Assignment: A word-for-word copy of the records is needed, with every picture left out.

Exercise data:

# # #

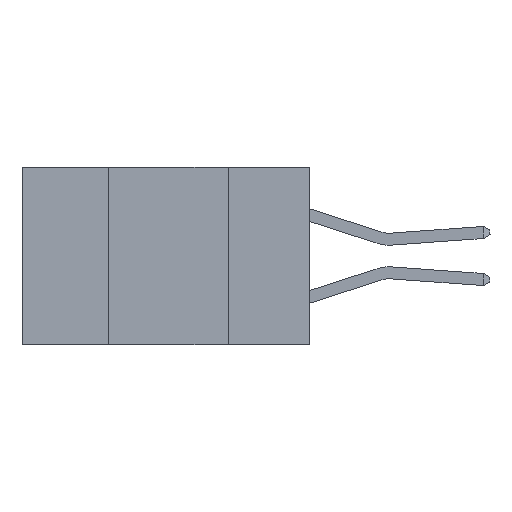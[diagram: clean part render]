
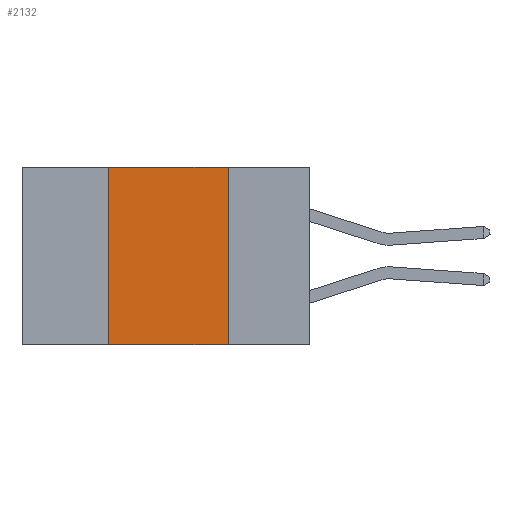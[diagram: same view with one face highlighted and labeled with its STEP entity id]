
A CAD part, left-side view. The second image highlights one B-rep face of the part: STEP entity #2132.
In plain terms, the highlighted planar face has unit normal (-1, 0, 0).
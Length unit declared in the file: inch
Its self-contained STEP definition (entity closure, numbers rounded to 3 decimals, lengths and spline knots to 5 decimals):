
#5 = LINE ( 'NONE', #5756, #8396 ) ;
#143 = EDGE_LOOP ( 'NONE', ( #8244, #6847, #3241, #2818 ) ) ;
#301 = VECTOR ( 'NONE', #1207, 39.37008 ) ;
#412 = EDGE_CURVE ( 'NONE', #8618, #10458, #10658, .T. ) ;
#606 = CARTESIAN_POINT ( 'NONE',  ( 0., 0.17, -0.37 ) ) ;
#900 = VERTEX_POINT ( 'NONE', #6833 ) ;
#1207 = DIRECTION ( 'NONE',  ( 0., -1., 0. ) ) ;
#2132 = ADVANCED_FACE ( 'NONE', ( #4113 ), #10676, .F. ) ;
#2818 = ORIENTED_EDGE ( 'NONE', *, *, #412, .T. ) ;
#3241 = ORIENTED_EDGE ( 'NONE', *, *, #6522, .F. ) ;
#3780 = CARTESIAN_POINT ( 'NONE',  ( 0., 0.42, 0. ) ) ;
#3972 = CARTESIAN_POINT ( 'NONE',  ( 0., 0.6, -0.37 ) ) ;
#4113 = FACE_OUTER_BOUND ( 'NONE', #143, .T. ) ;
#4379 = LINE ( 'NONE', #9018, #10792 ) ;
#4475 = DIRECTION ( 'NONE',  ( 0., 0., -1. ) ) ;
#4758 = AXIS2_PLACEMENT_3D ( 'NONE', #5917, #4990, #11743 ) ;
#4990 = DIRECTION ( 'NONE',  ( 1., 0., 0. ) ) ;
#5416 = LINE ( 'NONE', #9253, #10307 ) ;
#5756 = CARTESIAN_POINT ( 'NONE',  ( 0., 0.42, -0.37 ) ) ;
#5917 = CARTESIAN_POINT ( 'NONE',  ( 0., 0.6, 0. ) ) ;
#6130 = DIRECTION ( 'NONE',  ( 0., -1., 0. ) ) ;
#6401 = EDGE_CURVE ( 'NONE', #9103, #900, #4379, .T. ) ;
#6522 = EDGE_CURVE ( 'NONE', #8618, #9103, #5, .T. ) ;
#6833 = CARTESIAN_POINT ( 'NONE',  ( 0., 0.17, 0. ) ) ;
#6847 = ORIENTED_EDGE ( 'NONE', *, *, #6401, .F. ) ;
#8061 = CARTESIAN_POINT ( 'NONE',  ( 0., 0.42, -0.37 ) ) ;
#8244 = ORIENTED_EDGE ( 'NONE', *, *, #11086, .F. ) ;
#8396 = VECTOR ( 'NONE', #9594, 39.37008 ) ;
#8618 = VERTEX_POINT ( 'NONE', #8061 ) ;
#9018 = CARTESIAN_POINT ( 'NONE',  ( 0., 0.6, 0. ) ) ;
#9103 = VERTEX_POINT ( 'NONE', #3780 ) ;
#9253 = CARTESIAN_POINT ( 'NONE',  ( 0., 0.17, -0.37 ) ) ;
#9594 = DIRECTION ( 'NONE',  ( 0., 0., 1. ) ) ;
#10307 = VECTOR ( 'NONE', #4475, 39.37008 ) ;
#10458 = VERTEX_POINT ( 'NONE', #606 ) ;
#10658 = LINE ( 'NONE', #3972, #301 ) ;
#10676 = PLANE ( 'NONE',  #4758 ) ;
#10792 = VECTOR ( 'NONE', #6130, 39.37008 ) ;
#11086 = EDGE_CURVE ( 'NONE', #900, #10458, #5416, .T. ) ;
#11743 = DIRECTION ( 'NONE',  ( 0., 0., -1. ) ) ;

# # #

Reply:
[diagram: clean part render]
[diagram: same view with one face highlighted and labeled with its STEP entity id]
A CAD part, left-side view. The second image highlights one B-rep face of the part: STEP entity #2132.
In plain terms, the highlighted planar face has unit normal (-1, 0, 0).
Length unit declared in the file: inch
Its self-contained STEP definition (entity closure, numbers rounded to 3 decimals, lengths and spline knots to 5 decimals):
#5 = LINE ( 'NONE', #5756, #8396 ) ;
#143 = EDGE_LOOP ( 'NONE', ( #8244, #6847, #3241, #2818 ) ) ;
#301 = VECTOR ( 'NONE', #1207, 39.37008 ) ;
#412 = EDGE_CURVE ( 'NONE', #8618, #10458, #10658, .T. ) ;
#606 = CARTESIAN_POINT ( 'NONE',  ( 0., 0.17, -0.37 ) ) ;
#900 = VERTEX_POINT ( 'NONE', #6833 ) ;
#1207 = DIRECTION ( 'NONE',  ( 0., -1., 0. ) ) ;
#2132 = ADVANCED_FACE ( 'NONE', ( #4113 ), #10676, .F. ) ;
#2818 = ORIENTED_EDGE ( 'NONE', *, *, #412, .T. ) ;
#3241 = ORIENTED_EDGE ( 'NONE', *, *, #6522, .F. ) ;
#3780 = CARTESIAN_POINT ( 'NONE',  ( 0., 0.42, 0. ) ) ;
#3972 = CARTESIAN_POINT ( 'NONE',  ( 0., 0.6, -0.37 ) ) ;
#4113 = FACE_OUTER_BOUND ( 'NONE', #143, .T. ) ;
#4379 = LINE ( 'NONE', #9018, #10792 ) ;
#4475 = DIRECTION ( 'NONE',  ( 0., 0., -1. ) ) ;
#4758 = AXIS2_PLACEMENT_3D ( 'NONE', #5917, #4990, #11743 ) ;
#4990 = DIRECTION ( 'NONE',  ( 1., 0., 0. ) ) ;
#5416 = LINE ( 'NONE', #9253, #10307 ) ;
#5756 = CARTESIAN_POINT ( 'NONE',  ( 0., 0.42, -0.37 ) ) ;
#5917 = CARTESIAN_POINT ( 'NONE',  ( 0., 0.6, 0. ) ) ;
#6130 = DIRECTION ( 'NONE',  ( 0., -1., 0. ) ) ;
#6401 = EDGE_CURVE ( 'NONE', #9103, #900, #4379, .T. ) ;
#6522 = EDGE_CURVE ( 'NONE', #8618, #9103, #5, .T. ) ;
#6833 = CARTESIAN_POINT ( 'NONE',  ( 0., 0.17, 0. ) ) ;
#6847 = ORIENTED_EDGE ( 'NONE', *, *, #6401, .F. ) ;
#8061 = CARTESIAN_POINT ( 'NONE',  ( 0., 0.42, -0.37 ) ) ;
#8244 = ORIENTED_EDGE ( 'NONE', *, *, #11086, .F. ) ;
#8396 = VECTOR ( 'NONE', #9594, 39.37008 ) ;
#8618 = VERTEX_POINT ( 'NONE', #8061 ) ;
#9018 = CARTESIAN_POINT ( 'NONE',  ( 0., 0.6, 0. ) ) ;
#9103 = VERTEX_POINT ( 'NONE', #3780 ) ;
#9253 = CARTESIAN_POINT ( 'NONE',  ( 0., 0.17, -0.37 ) ) ;
#9594 = DIRECTION ( 'NONE',  ( 0., 0., 1. ) ) ;
#10307 = VECTOR ( 'NONE', #4475, 39.37008 ) ;
#10458 = VERTEX_POINT ( 'NONE', #606 ) ;
#10658 = LINE ( 'NONE', #3972, #301 ) ;
#10676 = PLANE ( 'NONE',  #4758 ) ;
#10792 = VECTOR ( 'NONE', #6130, 39.37008 ) ;
#11086 = EDGE_CURVE ( 'NONE', #900, #10458, #5416, .T. ) ;
#11743 = DIRECTION ( 'NONE',  ( 0., 0., -1. ) ) ;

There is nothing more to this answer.